少し遅れてしまったが、彼のバトルロワイヤルが、今始まる。
「さて・・・せっかく再起動させてやったんだ。存分に俺を楽しませてくれよ。」
キュピーン
QWERTY2003の目が輝く。
「わーい、起きたー♪」
彼が最初に見たものは、一人の少女だった。
この無邪気に喜ぶ少女にどう対応すべきか。
彼はまず全身のセンサーを使って現在の状況を分析した。
god@QWERTY2003> gps: ERROR
god@QWERTY2003> temperature: 28.4F / -2.0℃
god@QWERTY2003> weather: sunny
god@QWERTY2003> ground: snow
god@QWERTY2003> person: unknown
GPSによる位置情報の取得には失敗。衛星との通信が上手くいかない。
気温は摂氏マイナス2度。低温により7%程度の性能低下は避けられないが、大きな問題にはならない。
また、今は晴れているので、気温はすぐに上がるだろう。
問題は地面が雪に覆われている事である。
雪上での行動は想定されていないため、足元のタイヤはスタッドレスではなくスリップの危険性が高い。
魔法技術による体制安定機構により転倒だけは回避できるが、移動能力は大幅に低下する。
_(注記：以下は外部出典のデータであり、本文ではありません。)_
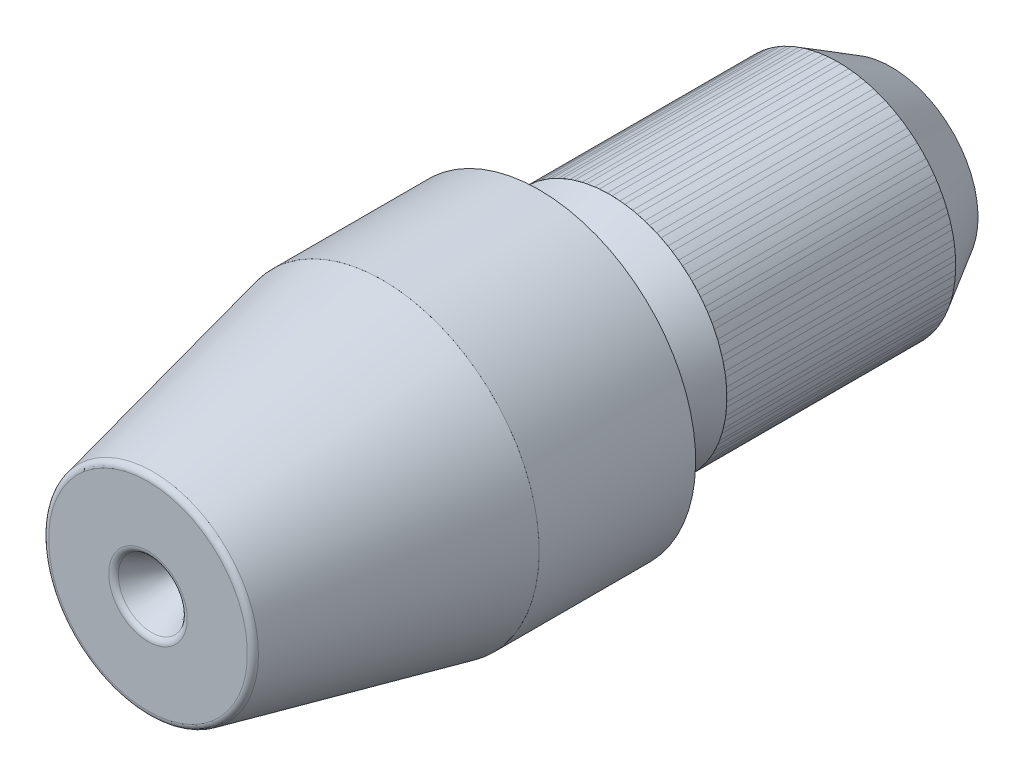
ISO-10303-21;
HEADER;
FILE_DESCRIPTION(('STEP AP214'),'2;1');
FILE_NAME('part.step','',(''),(''),'','','');
FILE_SCHEMA(('AUTOMOTIVE_DESIGN { 1 0 10303 214 1 1 1 1 }'));
ENDSEC;
DATA;
#1=APPLICATION_CONTEXT('core data for automotive mechanical design processes');
#2=APPLICATION_PROTOCOL_DEFINITION('international standard','automotive_design',2000,#1);
#3=PRODUCT_CONTEXT('',#1,'mechanical');
#4=PRODUCT('Part','Part','',(#3));
#5=PRODUCT_RELATED_PRODUCT_CATEGORY('part','',(#4));
#6=PRODUCT_DEFINITION_FORMATION('','',#4);
#7=PRODUCT_DEFINITION_CONTEXT('part definition',#1,'design');
#8=PRODUCT_DEFINITION('design','',#6,#7);
#9=PRODUCT_DEFINITION_SHAPE('','',#8);
#10=(LENGTH_UNIT() NAMED_UNIT(*) SI_UNIT(.MILLI.,.METRE.));
#11=(NAMED_UNIT(*) PLANE_ANGLE_UNIT() SI_UNIT($,.RADIAN.));
#12=(NAMED_UNIT(*) SI_UNIT($,.STERADIAN.) SOLID_ANGLE_UNIT());
#13=UNCERTAINTY_MEASURE_WITH_UNIT(LENGTH_MEASURE(1.E-05),#10,'distance_accuracy_value','');
#14=(GEOMETRIC_REPRESENTATION_CONTEXT(3) GLOBAL_UNCERTAINTY_ASSIGNED_CONTEXT((#13)) GLOBAL_UNIT_ASSIGNED_CONTEXT((#10,
#11,#12)) REPRESENTATION_CONTEXT('',''));
#15=CARTESIAN_POINT('',(0.,0.,0.));
#16=DIRECTION('',(0.,0.,1.));
#17=DIRECTION('',(1.,0.,0.));
#18=AXIS2_PLACEMENT_3D('',#15,#16,#17);
#19=CARTESIAN_POINT('',(0.,0.,-2.3));
#20=DIRECTION('',(0.,0.,-1.));
#21=DIRECTION('',(-1.,0.,0.));
#22=AXIS2_PLACEMENT_3D('',#19,#20,#21);
#23=CYLINDRICAL_SURFACE('',#22,3.001);
#24=CARTESIAN_POINT('',(0.,0.,-2.3));
#25=DIRECTION('',(0.,0.,-1.));
#26=DIRECTION('',(-1.,0.,0.));
#27=AXIS2_PLACEMENT_3D('',#24,#25,#26);
#28=CIRCLE('',#27,3.001);
#29=CARTESIAN_POINT('',(-3.001,0.,-2.3));
#30=VERTEX_POINT('',#29);
#31=EDGE_CURVE('E11',#30,#30,#28,.T.);
#32=ORIENTED_EDGE('',*,*,#31,.T.);
#33=EDGE_LOOP('',(#32));
#34=FACE_BOUND('',#33,.T.);
#35=CARTESIAN_POINT('',(0.,0.,-8.15));
#36=DIRECTION('',(0.,0.,-1.));
#37=DIRECTION('',(-1.,0.,0.));
#38=AXIS2_PLACEMENT_3D('',#35,#36,#37);
#39=CIRCLE('',#38,3.001);
#40=CARTESIAN_POINT('',(-3.001,0.,-8.15));
#41=VERTEX_POINT('',#40);
#42=EDGE_CURVE('E44',#41,#41,#39,.T.);
#43=ORIENTED_EDGE('',*,*,#42,.F.);
#44=EDGE_LOOP('',(#43));
#45=FACE_BOUND('',#44,.T.);
#46=ADVANCED_FACE('F41',(#34,#45),#23,.T.);
#47=CARTESIAN_POINT('',(0.,0.,-2.3));
#48=DIRECTION('',(0.,0.,-1.));
#49=DIRECTION('',(-1.,0.,0.));
#50=AXIS2_PLACEMENT_3D('',#47,#48,#49);
#51=PLANE('',#50);
#52=CARTESIAN_POINT('',(0.,0.,-2.3));
#53=DIRECTION('',(0.,0.,-1.));
#54=DIRECTION('',(-1.,0.,0.));
#55=AXIS2_PLACEMENT_3D('',#52,#53,#54);
#56=CIRCLE('',#55,3.);
#57=CARTESIAN_POINT('',(-3.,0.,-2.3));
#58=VERTEX_POINT('',#57);
#59=EDGE_CURVE('E51',#58,#58,#56,.T.);
#60=ORIENTED_EDGE('',*,*,#59,.T.);
#61=EDGE_LOOP('',(#60));
#62=FACE_BOUND('',#61,.T.);
#63=ORIENTED_EDGE('',*,*,#31,.F.);
#64=EDGE_LOOP('',(#63));
#65=FACE_BOUND('',#64,.T.);
#66=ADVANCED_FACE('F59',(#62,#65),#51,.F.);
#67=CARTESIAN_POINT('',(0.,0.,-8.15));
#68=DIRECTION('',(0.,0.,-1.));
#69=DIRECTION('',(-1.,0.,0.));
#70=AXIS2_PLACEMENT_3D('',#67,#68,#69);
#71=PLANE('',#70);
#72=CARTESIAN_POINT('',(0.,0.,-8.15));
#73=DIRECTION('',(0.,0.,-1.));
#74=DIRECTION('',(-1.,0.,0.));
#75=AXIS2_PLACEMENT_3D('',#72,#73,#74);
#76=CIRCLE('',#75,3.);
#77=CARTESIAN_POINT('',(-3.,0.,-8.15));
#78=VERTEX_POINT('',#77);
#79=EDGE_CURVE('E53',#78,#78,#76,.T.);
#80=ORIENTED_EDGE('',*,*,#79,.F.);
#81=EDGE_LOOP('',(#80));
#82=FACE_BOUND('',#81,.T.);
#83=ORIENTED_EDGE('',*,*,#42,.T.);
#84=EDGE_LOOP('',(#83));
#85=FACE_BOUND('',#84,.T.);
#86=ADVANCED_FACE('F65',(#82,#85),#71,.T.);
#87=CARTESIAN_POINT('',(0.,0.,-2.3));
#88=DIRECTION('',(0.,0.,-1.));
#89=DIRECTION('',(-1.,0.,0.));
#90=AXIS2_PLACEMENT_3D('',#87,#88,#89);
#91=CYLINDRICAL_SURFACE('',#90,3.);
#92=ORIENTED_EDGE('',*,*,#59,.F.);
#93=EDGE_LOOP('',(#92));
#94=FACE_BOUND('',#93,.T.);
#95=ORIENTED_EDGE('',*,*,#79,.T.);
#96=EDGE_LOOP('',(#95));
#97=FACE_BOUND('',#96,.T.);
#98=ADVANCED_FACE('F62',(#94,#97),#91,.F.);
#99=CLOSED_SHELL('',(#46,#66,#86,#98));
#100=MANIFOLD_SOLID_BREP('B2',#99);
#101=CARTESIAN_POINT('',(0.,0.,3.5));
#102=DIRECTION('',(0.,0.,-1.));
#103=DIRECTION('',(0.,1.,0.));
#104=AXIS2_PLACEMENT_3D('',#101,#102,#103);
#105=CYLINDRICAL_SURFACE('',#104,4.001);
#106=CARTESIAN_POINT('',(0.,0.,3.5));
#107=DIRECTION('',(0.,0.,-1.));
#108=DIRECTION('',(0.,1.,0.));
#109=AXIS2_PLACEMENT_3D('',#106,#107,#108);
#110=CIRCLE('',#109,4.001);
#111=CARTESIAN_POINT('',(0.,4.001,3.5));
#112=VERTEX_POINT('',#111);
#113=EDGE_CURVE('E40',#112,#112,#110,.T.);
#114=ORIENTED_EDGE('',*,*,#113,.T.);
#115=EDGE_LOOP('',(#114));
#116=FACE_BOUND('',#115,.T.);
#117=CARTESIAN_POINT('',(0.,0.,-0.500000000000001));
#118=DIRECTION('',(0.,0.,-1.));
#119=DIRECTION('',(0.,1.,0.));
#120=AXIS2_PLACEMENT_3D('',#117,#118,#119);
#121=CIRCLE('',#120,4.001);
#122=CARTESIAN_POINT('',(0.,4.001,-0.5));
#123=VERTEX_POINT('',#122);
#124=EDGE_CURVE('E112',#123,#123,#121,.T.);
#125=ORIENTED_EDGE('',*,*,#124,.F.);
#126=EDGE_LOOP('',(#125));
#127=FACE_BOUND('',#126,.T.);
#128=ADVANCED_FACE('F109',(#116,#127),#105,.T.);
#129=CARTESIAN_POINT('',(0.,0.,3.5));
#130=DIRECTION('',(0.,0.,-1.));
#131=DIRECTION('',(0.,1.,0.));
#132=AXIS2_PLACEMENT_3D('',#129,#130,#131);
#133=PLANE('',#132);
#134=CARTESIAN_POINT('',(0.,0.,3.5));
#135=DIRECTION('',(0.,0.,-1.));
#136=DIRECTION('',(0.,1.,0.));
#137=AXIS2_PLACEMENT_3D('',#134,#135,#136);
#138=CIRCLE('',#137,4.);
#139=CARTESIAN_POINT('',(0.,4.,3.5));
#140=VERTEX_POINT('',#139);
#141=EDGE_CURVE('E119',#140,#140,#138,.T.);
#142=ORIENTED_EDGE('',*,*,#141,.T.);
#143=EDGE_LOOP('',(#142));
#144=FACE_BOUND('',#143,.T.);
#145=ORIENTED_EDGE('',*,*,#113,.F.);
#146=EDGE_LOOP('',(#145));
#147=FACE_BOUND('',#146,.T.);
#148=ADVANCED_FACE('F127',(#144,#147),#133,.F.);
#149=CARTESIAN_POINT('',(0.,0.,-0.500000000000001));
#150=DIRECTION('',(0.,0.,-1.));
#151=DIRECTION('',(0.,1.,0.));
#152=AXIS2_PLACEMENT_3D('',#149,#150,#151);
#153=PLANE('',#152);
#154=CARTESIAN_POINT('',(0.,0.,-0.500000000000001));
#155=DIRECTION('',(0.,0.,-1.));
#156=DIRECTION('',(0.,1.,0.));
#157=AXIS2_PLACEMENT_3D('',#154,#155,#156);
#158=CIRCLE('',#157,4.);
#159=CARTESIAN_POINT('',(0.,4.,-0.5));
#160=VERTEX_POINT('',#159);
#161=EDGE_CURVE('E121',#160,#160,#158,.T.);
#162=ORIENTED_EDGE('',*,*,#161,.F.);
#163=EDGE_LOOP('',(#162));
#164=FACE_BOUND('',#163,.T.);
#165=ORIENTED_EDGE('',*,*,#124,.T.);
#166=EDGE_LOOP('',(#165));
#167=FACE_BOUND('',#166,.T.);
#168=ADVANCED_FACE('F133',(#164,#167),#153,.T.);
#169=CARTESIAN_POINT('',(0.,0.,3.5));
#170=DIRECTION('',(0.,0.,-1.));
#171=DIRECTION('',(0.,1.,0.));
#172=AXIS2_PLACEMENT_3D('',#169,#170,#171);
#173=CYLINDRICAL_SURFACE('',#172,4.);
#174=ORIENTED_EDGE('',*,*,#141,.F.);
#175=EDGE_LOOP('',(#174));
#176=FACE_BOUND('',#175,.T.);
#177=ORIENTED_EDGE('',*,*,#161,.T.);
#178=EDGE_LOOP('',(#177));
#179=FACE_BOUND('',#178,.T.);
#180=ADVANCED_FACE('F130',(#176,#179),#173,.F.);
#181=CLOSED_SHELL('',(#128,#148,#168,#180));
#182=MANIFOLD_SOLID_BREP('B6',#181);
#183=CARTESIAN_POINT('',(0.,0.,9.5));
#184=DIRECTION('',(0.,0.,1.));
#185=DIRECTION('',(0.,-1.,0.));
#186=AXIS2_PLACEMENT_3D('',#183,#184,#185);
#187=PLANE('',#186);
#188=CARTESIAN_POINT('',(0.,0.,9.5));
#189=DIRECTION('',(0.,0.,1.));
#190=DIRECTION('',(0.,-1.,0.));
#191=AXIS2_PLACEMENT_3D('',#188,#189,#190);
#192=CIRCLE('',#191,1.00392304845413);
#193=CARTESIAN_POINT('',(0.,-1.00392304845413,9.5));
#194=VERTEX_POINT('',#193);
#195=EDGE_CURVE('E108',#194,#194,#192,.F.);
#196=ORIENTED_EDGE('',*,*,#195,.T.);
#197=EDGE_LOOP('',(#196));
#198=FACE_BOUND('',#197,.T.);
#199=CARTESIAN_POINT('',(0.,0.,9.5));
#200=DIRECTION('',(0.,0.,1.));
#201=DIRECTION('',(0.,-1.,0.));
#202=AXIS2_PLACEMENT_3D('',#199,#200,#201);
#203=CIRCLE('',#202,2.54141844787495);
#204=CARTESIAN_POINT('',(0.,-2.54141844787495,9.5));
#205=VERTEX_POINT('',#204);
#206=EDGE_CURVE('E190',#205,#205,#203,.T.);
#207=ORIENTED_EDGE('',*,*,#206,.T.);
#208=EDGE_LOOP('',(#207));
#209=FACE_BOUND('',#208,.T.);
#210=ADVANCED_FACE('F170',(#198,#209),#187,.T.);
#211=CARTESIAN_POINT('',(0.,0.,3.5));
#212=DIRECTION('',(0.,0.,-1.));
#213=DIRECTION('',(0.,1.,0.));
#214=AXIS2_PLACEMENT_3D('',#211,#212,#213);
#215=CONICAL_SURFACE('',#214,4.,0.218166156499285);
#216=CARTESIAN_POINT('',(0.,0.,9.37463033823009));
#217=DIRECTION('',(0.,0.,1.));
#218=DIRECTION('',(0.,-1.,0.));
#219=AXIS2_PLACEMENT_3D('',#216,#217,#218);
#220=CIRCLE('',#219,2.69762580901414);
#221=CARTESIAN_POINT('',(0.,-2.69762580901414,9.37463033823009));
#222=VERTEX_POINT('',#221);
#223=EDGE_CURVE('E193',#222,#222,#220,.F.);
#224=ORIENTED_EDGE('',*,*,#223,.T.);
#225=EDGE_LOOP('',(#224));
#226=FACE_BOUND('',#225,.T.);
#227=CARTESIAN_POINT('',(0.,0.,3.5));
#228=DIRECTION('',(0.,0.,-1.));
#229=DIRECTION('',(0.,1.,0.));
#230=AXIS2_PLACEMENT_3D('',#227,#228,#229);
#231=CIRCLE('',#230,4.);
#232=CARTESIAN_POINT('',(0.,4.,3.5));
#233=VERTEX_POINT('',#232);
#234=EDGE_CURVE('E196',#233,#233,#231,.T.);
#235=ORIENTED_EDGE('',*,*,#234,.F.);
#236=EDGE_LOOP('',(#235));
#237=FACE_BOUND('',#236,.T.);
#238=ADVANCED_FACE('F250',(#226,#237),#215,.T.);
#239=CARTESIAN_POINT('',(0.,0.,-9.5));
#240=DIRECTION('',(0.,0.,-1.));
#241=DIRECTION('',(0.,1.,0.));
#242=AXIS2_PLACEMENT_3D('',#239,#240,#241);
#243=CYLINDRICAL_SURFACE('',#242,4.);
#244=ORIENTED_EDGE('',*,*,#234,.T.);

そして、目の前にいる人間の顔は、彼のブラックリストにもホワイトリストにも含まれない。
つまり、この人間は彼が知らない人物だ。
これらの情報から導き出した答えは・・・
god@QWERTY2003> FINISH HER!
すぐに殺害するのが安全かつ確実。
危険人物であれば隙を見せれば破壊される可能性があり、雪上では逃げるのもままならない。
この間、わずか2秒。
そこからブレードを相手の頭上に動かして振り下ろすまで1秒。
一般人なら回避するのは不可能だ。
目の前の相手もその例に漏れず、一歩も動かない。
しかし彼女は動けなかったのではない。
「虐めてくれるのー?わーい♪」
痛みという快楽を求めて、「動かなかった」のだ。
グシャアッ
QWERTY2003のブレードが、カレンの肩から下腹部までを切り裂き、
鮮血が雪原を真っ赤に染める。
「あっ、あ・・・あれ・・・?」
足元がふらつき、目が霞む。
多少のダメージは全く気にしない彼女でも、
ここまで深い傷と出血は、さすがに辛いようだ。
ドサッ
立っていられなくなって、雪の中に倒れこむ。
その冷たさを身に感じながら、彼女の意識は薄れていった。